The behavior of animals licking wounds after injury is essentially the use of Opiorphin in saliva to relieve pain, anti-inflammatory, and accelerate healing. Opiorphin significantly shortens wound healing time and alleviates wound pain by inhibiting pain, reducing local inflammation, promoting fibroblast proliferation, and accelerating collagen synthesis.
Effect: In the rat skin incision model, local application of Opiorphin gel (0.1%) shortened the healing time by 20%, reduced wound inflammation and scar formation; The mechanism is to promote angiogenesis, accelerate epithelial cell migration, and inhibit the release of inflammatory factors.

During the withdrawal of opioid drugs (morphine, heroin) and alcohol addiction, the endogenous opioid system functions poorly, leading to severe pain, anxiety, depression, insomnia and other withdrawal symptoms. Opiorphin significantly reduces withdrawal symptoms and lowers relapse rates by enhancing endogenous opioid system activity, relieving withdrawal pain, improving anxiety and depression.
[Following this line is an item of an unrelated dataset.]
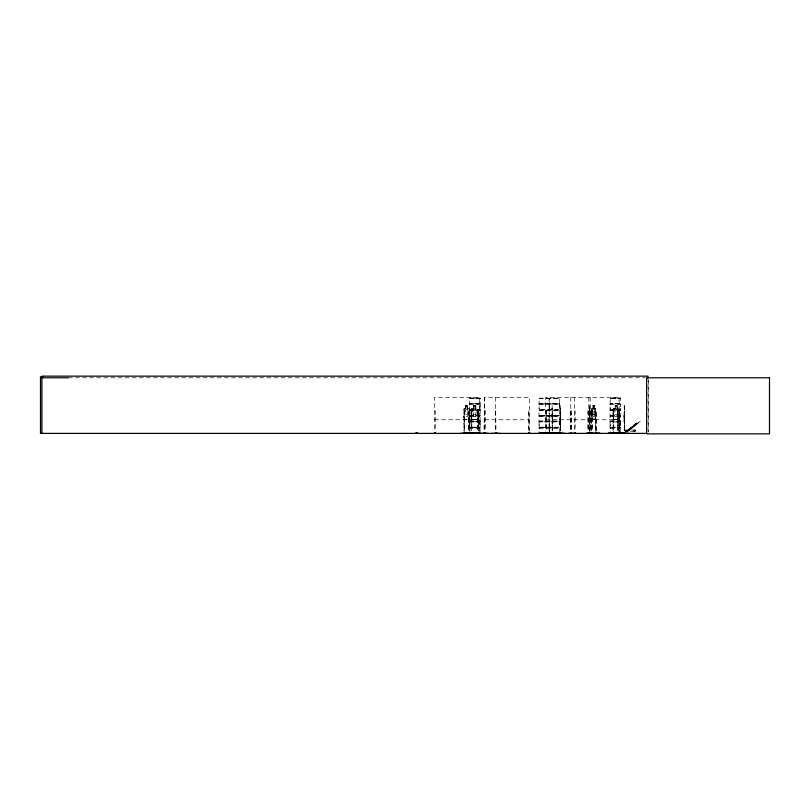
<?xml version="1.0" encoding="UTF-8"?>
<svg xmlns="http://www.w3.org/2000/svg" width="810" height="810" viewBox="0 0 810 810"><rect width="100%" height="100%" fill="white"/><g stroke="black" fill="none" stroke-linecap="round" stroke-linejoin="round"><path stroke-width="0.61" stroke-dasharray="4.05 3.04" d="M469.567 424.582L469.456 427.538L480.168 427.67L469.466 427.832L469.567 433.026M469.567 406.934L469.567 409.546L469.435 403.866L480.168 403.846L469.466 403.684L469.547 398.125L480.158 398.236L469.527 398.135L480.057 398.145L480.148 403.734M480.036 424.582L480.138 421.342L469.466 421.321L469.456 410.174L480.127 410.194L480.036 409.576L469.557 409.516L469.446 410.143M480.036 406.934L480.127 404.008M539.126 424.582L539.126 433.026M539.126 406.934L539.126 409.546L539.055 398.145L559.69 398.156M549.129 433.026L549.129 424.582M549.109 398.358L549.129 409.576L549.129 406.934M549.595 424.582L549.605 410.548M549.595 406.934L549.585 398.135M559.599 424.582L559.71 421.342L539.035 421.321L539.055 410.214L559.73 410.032L539.116 409.516L559.669 409.84M559.599 406.934L559.71 403.734L539.014 403.765M610.153 424.582L610.153 433.026M610.153 406.934L610.153 409.546L610.021 403.866L620.754 403.846L610.143 403.319L620.703 403.684M620.622 424.582L620.622 409.576L610.112 409.759M620.622 406.934L620.693 404.028M552.106 414.457L552.106 419.428M552.268 409.273L552.126 408.301L552.268 430.9M552.228 408.301L552.106 409.313M560.196 414.447L560.459 411.683L560.317 419.428M560.226 415.388L560.317 422.81M560.388 411.358L560.368 416.664L560.388 411.399M624.064 414.447L624.257 411.358M624.156 421.716L624.237 422.81L624.095 415.388M560.51 405.537L560.216 422.81L560.55 419.337M560.257 418.051L560.317 415.368M624.125 419.276L624.328 422.81L624.064 414.426M624.125 418.051L624.156 415.459M560.419 414.457L560.226 421.787M624.206 414.457L624.095 421.787M624.267 430.9L624.419 408.301M624.267 409.323L624.226 405.537M480.127 421.321L480.148 410.083M480.036 433.026L480.148 427.781M549.129 409.576L549.119 427.153M549.595 410.548L549.605 404.362M549.595 428.196L549.605 422M559.69 421.321L559.669 410.214M560.226 422.719L560.449 421.797M620.693 421.301L610.051 421.321L610.082 410.214L620.713 410.194M620.622 433.026L620.632 422L610.143 422L610.143 427.153L620.632 427.245M624.318 421.797L624.287 425.574M624.166 421.858L624.226 422.719M480.036 409.546L480.046 404.301M549.605 428.156L549.595 433.026M480.117 415.702L469.506 415.803M539.035 415.834L559.73 415.884L539.035 415.965M610.133 403.512L610.163 398.135L620.663 398.156L610.143 398.125L620.693 398.145L620.622 403.36M480.127 427.508L480.057 421.878M559.629 427.974L539.014 427.538M595.502 419.428L595.988 416.664M468.524 419.428L469.132 416.664L468.595 419.428L464.424 419.428M469.456 421.342L469.557 427.153L480.046 427.153M539.055 421.301L539.116 427.153L559.609 427.153L559.609 422L539.116 422M559.69 404.008L539.014 403.977M610.051 421.321L610.153 421.969M610.062 427.518L620.713 427.508M618.749 419.428L619.549 416.684L618.81 419.428L613.666 419.428L613.008 409.283L613.697 408.301L618.789 408.301L619.549 409.273L619.458 431.781M477.546 419.428L478.254 416.664L477.586 419.428L471.845 419.428M478.71 398.662L479.621 398.662M548.269 398.662L549.19 398.662M558.272 398.662L559.194 398.662M619.296 398.662L620.217 398.662M617.26 416.664L618.334 414.457M592.13 419.428L591.553 409.273L592.15 408.301M591.573 430.9L591.624 409.273L592.171 408.392M464.434 408.301L463.877 409.283L464.505 408.301L468.575 408.301L469.192 409.273L469.132 430.9M470.053 398.662L471.683 398.662M539.612 398.662L541.242 398.662M549.615 398.662L551.245 398.662M610.639 398.662L612.269 398.662M613.018 430.9L613.059 409.283L613.747 408.301M559.639 415.743L539.106 415.773M620.663 415.743L610.133 415.743M593.072 408.392L592.333 409.313L592.333 414.457L593.072 416.664L594.439 416.664L595.178 414.457L594.57 405.537L593.021 405.537L593.072 419.428M471.035 430.9L471.015 409.273L471.916 408.301M632.843 426.364L627.041 430.971L635.04 424.551L631.851 427.032M627.892 430.09L638.523 421.149M628.681 430.09L639.313 421.149M628.206 431.193L637.561 423.448M626.383 431.639L632.873 426.242L626.474 431.639M473.526 408.392L472.311 409.313L472.311 414.457L473.526 416.664L475.784 416.664L476.999 414.457L476.999 409.313L475.784 408.392M469.496 415.53L480.057 415.52M610.112 415.52L620.663 415.52M68.334 377.784L645.337 377.784M539.126 398.662L559.599 398.662M610.153 398.662L620.622 398.662M469.557 403.319L480.046 403.319M539.116 403.319L559.71 403.704M469.557 404.362L480.046 404.362M539.116 404.362L559.609 404.362L559.599 409.546M610.143 404.362L620.632 404.362L620.622 409.546M467.451 405.537L465.628 405.537L465.689 408.392L464.808 409.313L464.808 414.457L465.689 416.664L467.319 416.664L468.19 414.457L467.38 405.537L467.39 408.392M473.445 408.301L473.445 405.537L475.916 405.537L475.834 408.392M552.147 405.537L552.217 430.9M615.165 408.301L615.165 405.537L617.402 405.537L617.402 430.9M465.689 405.628L467.39 405.628M473.526 405.628L475.834 405.628M593.072 405.628L594.52 405.628L594.439 419.428M615.236 405.628L617.311 405.628M471.876 408.301L477.566 408.301L478.335 409.283L478.295 430.9M560.317 408.301L560.571 430.9M589.893 408.301L589.893 419.428M592.069 408.301L595.573 408.301L596.038 409.283L595.998 430.9M469.122 409.273L468.504 408.301M471.015 409.273L471.177 430.9M560.399 430.9L560.459 408.301L560.571 409.273M617.311 409.273L615.236 409.313L615.236 414.457L617.26 414.457M619.488 409.273L618.698 408.392M473.526 409.313L475.784 409.313M593.072 409.313L594.439 409.313M469.476 409.87L480.117 409.87M620.693 409.84L610.062 410.194M469.567 410.548L480.046 410.548M539.126 410.548L559.609 410.548M610.153 410.548L620.632 410.548M434.524 410.953L435.284 410.953L435.284 431.365M463.917 410.953L464.626 410.953L464.626 433.39M471.035 410.953L471.845 410.953L471.845 430.9M479.388 410.953L478.629 410.953L478.629 431.365M484.329 410.953L484.036 431.365M484.694 410.953L485.463 410.953L485.463 431.365M495.69 410.953L495.983 431.365M528.798 410.953L528.798 431.365L528.798 410.953L529.558 410.953M545.413 410.953L546.223 410.953L546.223 431.365M552.217 410.953L552.511 433.39M570.777 410.953L571.242 431.365M574.401 410.953L575.181 410.953L575.151 431.365M588.819 410.953L588.009 410.953L588.009 431.365M589.629 410.943L590.348 410.953L590.348 431.365M591.573 410.953L592.231 410.953L592.231 430.9M613.018 410.953L613.798 410.953L613.798 433.39M617.402 410.953L617.696 433.39M618.313 410.953L619.66 410.953L619.66 430.9M624.267 410.953L624.662 431.436M473.526 414.457L475.784 414.457M593.072 414.457L594.439 414.457M539.106 415.52L559.639 415.52M539.126 416.3L559.599 416.3M610.153 416.3L620.622 416.3M463.877 416.684L464.535 419.337L468.555 419.337M613.008 416.684L613.727 419.428M617.402 416.684L615.236 416.664L614.152 414.457L614.152 409.313L615.236 408.392L615.225 405.537M477.535 419.337L471.906 419.337L471.096 416.664L471.896 419.428M592.09 419.337L595.542 419.337M613.727 419.337L618.759 419.337M592.049 419.428L595.583 419.428M434.524 419.762L479.388 419.762M484.694 419.762L529.558 419.762M545.484 419.762L619.093 419.762M469.557 420.967L480.046 420.967M539.116 420.967L559.609 420.967M610.143 420.967L620.622 420.998M469.476 421.645L480.117 421.645M539.045 421.645L559.68 421.645M610.062 421.645L620.703 421.645M469.557 422L480.046 422M560.419 425.574L560.317 422.719M539.045 427.832L559.68 427.832M610.062 427.832L620.703 427.832M480.046 428.196L469.547 428.065M539.116 428.196L559.609 428.196L559.599 433.026M610.133 428.125L620.632 428.196M624.419 430.069L635.88 430.069L635.88 431.436L630.251 431.436M617.26 408.392L618.334 409.313L618.344 431.365M637.551 423.427L628.185 431.173M595.492 408.301L595.836 433.39M463.938 416.664L464.494 419.428M559.609 403.39L559.588 398.135M560.358 422.719L560.297 421.716M560.419 408.392L560.449 409.313M624.257 411.399L624.348 414.447M552.137 414.457L552.147 416.664M648.526 380.305L648.526 432.125M648.03 377.784L648.03 432.145M635.728 430.069L635.728 431.436M634.959 430.069L634.959 431.436M634.807 430.069L634.807 431.436M634.169 430.069L634.169 431.436M634.017 430.069L634.017 431.436M628.064 430.069L628.064 431.436M627.213 430.069L627.213 431.436M627.142 430.069L627.142 431.436M626.13 430.069L626.13 431.436M625.209 430.069L625.209 431.436M624.551 410.953L624.571 433.39M624.378 405.537L624.419 431.436M619.417 409.313L619.417 416.664M619.164 431.781L619.093 397.325L545.484 397.325L545.413 431.365M619.073 410.953L619.073 431.365M618.88 410.953L618.88 430.9M617.311 405.537L617.311 419.428M613.615 410.953L613.615 430.9M613.2 410.953L613.2 430.9M596.241 430.9L596.241 410.953L595.583 410.953L595.583 430.9M593.102 405.537L593.143 408.392M591.988 410.953L591.988 430.9M591.827 410.953L591.827 430.9M590.196 397.325L590.186 433.39M589.923 433.37L589.569 405.516L589.68 430.88M589.801 405.537L589.872 431.365M588.819 397.325L588.749 431.365M588.08 410.953L588.08 431.365M574.422 397.325L574.422 431.365M571.101 410.953L571.101 431.365M570.918 410.953L570.918 431.365M570.777 397.325L570.777 431.365M560.702 410.953L560.702 433.39M546.142 410.953L546.142 431.365M529.558 431.365L529.558 397.325L484.694 397.325L484.694 431.365M495.7 397.325L495.69 431.365M484.319 397.325L484.319 431.365M480.026 398.135L480.026 398.652L469.567 398.662L469.577 398.135M480.026 415.398L480.026 416.289L469.567 416.3L469.577 415.398M479.388 431.365L479.388 397.325L434.524 397.325L434.524 431.365M478.437 430.9L478.437 410.953L477.627 410.953L477.627 430.9M477.768 410.953L477.768 433.39M475.784 405.628L475.784 419.428M473.485 405.537L473.526 419.428M471.703 410.953L471.703 430.9M469.365 430.9L469.365 410.953L468.656 410.953L468.656 430.9M468.879 410.953L468.879 430.9M465.699 405.537L465.76 408.392M464.403 410.953L464.403 430.9M464.15 430.9L464.008 409.323L463.917 430.9M624.439 416.664L624.186 419.428L624.439 416.684M552.147 408.392L552.137 409.313L552.157 408.392M628.115 430.231L626.424 431.629L628.155 430.231M640.234 421.149L629.603 430.09L640.295 421.22M635.84 423.427L626.697 431.436L635.84 423.427M636.65 423.448L627.487 431.436L636.63 423.427M467.026 406.093L465.973 406.093L465.973 407.005L467.026 407.005L467.026 406.093M475.379 406.093L473.931 406.093L473.931 407.005L475.379 407.005L475.379 406.093M594.196 406.093L593.315 406.093L593.315 407.005L594.196 407.005L594.196 406.093M616.896 406.093L615.6 406.093L615.6 407.005L616.896 407.005L616.896 406.093M467.319 409.313L465.689 409.313L465.689 414.457L467.319 414.457L467.319 409.313M626.363 431.436L626.353 430.069L626.292 431.436M625.502 431.436L625.502 430.069L625.452 431.436"/><path stroke-width="1.21" d="M488.379 433.37L460.688 433.269M491.63 433.37L500.053 433.37M568.671 433.269L572.872 433.33M588.07 433.269L588.009 432.57M468.666 433.33L468.646 432.57M546.011 433.33L546.153 432.57M574.614 432.965L573.966 433.39M466.965 433.33L466.914 432.692M43.031 376.731L40.5 376.731L40.5 433.39L646.765 433.39M40.5 377.784L68.283 377.784M539.126 433.026L564.924 433.269M599.744 432.965L585.832 433.39M610.153 433.026L628.793 433.269M469.547 433.158L480.057 433.168M539.106 433.158L559.619 433.158M610.133 433.158L623.518 433.178M529.649 432.57L529.467 433.39M590.379 433.37L590.348 432.57M624.216 433.32L624.267 432.57M619.589 433.269L619.66 432.57M648.03 377.784L648.03 376.144L41.928 376.144L41.928 433.39M624.733 432.57L624.712 433.39M624.551 432.57L624.571 433.39M624.439 432.57L624.419 433.39M620.663 432.692L620.663 433.39M619.478 432.57L619.458 433.39L619.377 432.57M619.184 432.57L619.164 433.39M619.012 432.57L618.992 433.39M618.88 432.57L618.81 433.39M618.435 433.39L618.232 432.803M613.869 432.803L613.869 433.39L613.757 432.57M613.524 432.57L613.615 433.39M613.494 432.57L613.352 433.39L613.2 432.57M613.059 432.57L613.018 433.39M612.957 432.57L612.957 433.39M610.345 432.692L610.436 433.39M608.745 432.692L608.745 433.39M596.241 432.57L596.231 433.39M596.038 432.57L595.998 433.39M595.836 432.57L595.907 433.39M595.785 432.803L595.785 433.39M595.563 432.57L595.542 433.39M592.262 432.57L592.282 433.39M592.221 432.57L592.231 433.39M592.029 433.39L591.948 432.57L591.867 433.39M590.186 433.39L589.862 432.57M589.639 432.55L589.639 433.37M589.548 432.55L589.548 433.37M588.9 432.57L588.9 433.39M588.829 432.57L588.819 433.39M588.647 432.57L588.637 433.39M588.181 432.57L588.101 433.39M575.262 432.803L575.242 433.39M575.1 432.57L575.059 433.39M574.604 432.692L574.675 433.39M574.513 432.57L574.422 433.39M574.331 432.57L574.31 433.39M571.242 432.57L571.283 433.39M571.04 432.57L571.141 433.39M570.878 432.57L570.979 433.39M570.736 432.57L570.777 433.39M560.895 432.57L560.905 433.39M560.702 433.39L560.702 432.57L560.55 433.39M560.469 432.57L560.409 433.39M560.348 432.57L560.317 433.39M552.268 432.57L552.268 433.39M552.137 432.57L552.228 433.39M546.223 432.57L546.234 433.39M545.596 432.57L545.576 433.39M528.889 432.57L528.798 433.39M528.798 432.57L528.717 433.39M496.591 432.692L496.591 433.39M496.074 432.57L496.074 433.39M496.034 432.57L495.983 433.39M495.609 432.57L495.69 433.39M485.453 432.57L485.544 433.39M485.372 432.57L485.372 433.39M484.785 433.39L484.785 432.57L484.633 433.39M484.319 432.57L484.329 433.39M484.026 432.57L484.036 433.39M483.732 432.692L483.732 433.39M479.479 432.57L479.449 433.39M479.297 432.57L479.297 433.39M479.085 432.692L479.085 433.39M478.71 433.39L478.72 432.57L478.538 433.39M478.437 432.57L478.396 433.39M478.295 432.57L478.204 433.39M477.88 432.57L477.859 433.39M477.768 432.57L477.687 433.39M477.627 432.57L477.556 433.39M471.845 432.57L471.784 433.39M471.703 432.57L471.612 433.39L471.592 432.57M471.268 432.57L471.288 433.39M471.177 432.57L471.096 433.39L470.954 432.57M469.132 432.57L469.192 433.39M469.041 433.39L468.97 432.57L468.828 433.39M466.094 432.692L466.054 433.39M465.274 432.692L465.274 433.39M464.687 432.803L464.687 433.39M464.606 432.57L464.636 433.39M464.403 432.57L464.454 433.39M464.282 432.57L464.272 433.39M464.15 432.57L464.089 433.39M463.917 432.57L463.938 433.39M435.375 432.803L435.375 433.39M435.203 432.57L435.203 433.39M434.616 432.57L434.616 433.39M434.443 432.57L434.464 433.39M417.525 432.692L417.525 433.39M416.715 432.692L416.715 433.39M415.894 432.692L415.894 433.39M769.5 377.784L646.603 377.784L646.603 433.856L769.5 433.856L769.5 377.784M617.382 433.34L617.362 432.57L617.392 433.37M617.787 433.39L617.787 432.57L617.696 433.39M591.583 433.39L591.573 432.57L591.553 433.39M552.602 433.39L552.602 432.57L552.511 433.39M545.413 433.39L545.403 432.57L545.322 433.39M469.415 433.39L469.415 432.57L469.375 433.39"/></g></svg>

Effect: In the morphine dependent rat withdrawal model, Opiorphin (10 μ g/kg/day, 7 days) withdrawal behavior (tremors, jumping, diarrhea) was reduced by 70%, anxiety and depression were significantly improved, and there was no risk of self addiction.

Opiorphin participates in the regulation of energy metabolism by regulating central appetite neuropeptides, improving insulin sensitivity, promoting fat decomposition, and has potential application value in obesity and type 2 diabetes.
Mechanism: Enhance endorphin signaling → inhibit NPY appetite promoting neurons, activate POMC appetite suppressing neurons → reduce feeding; Improve skeletal muscle insulin sensitivity → promote glucose uptake → reduce blood sugar; Promote fat breakdown → reduce fat accumulation.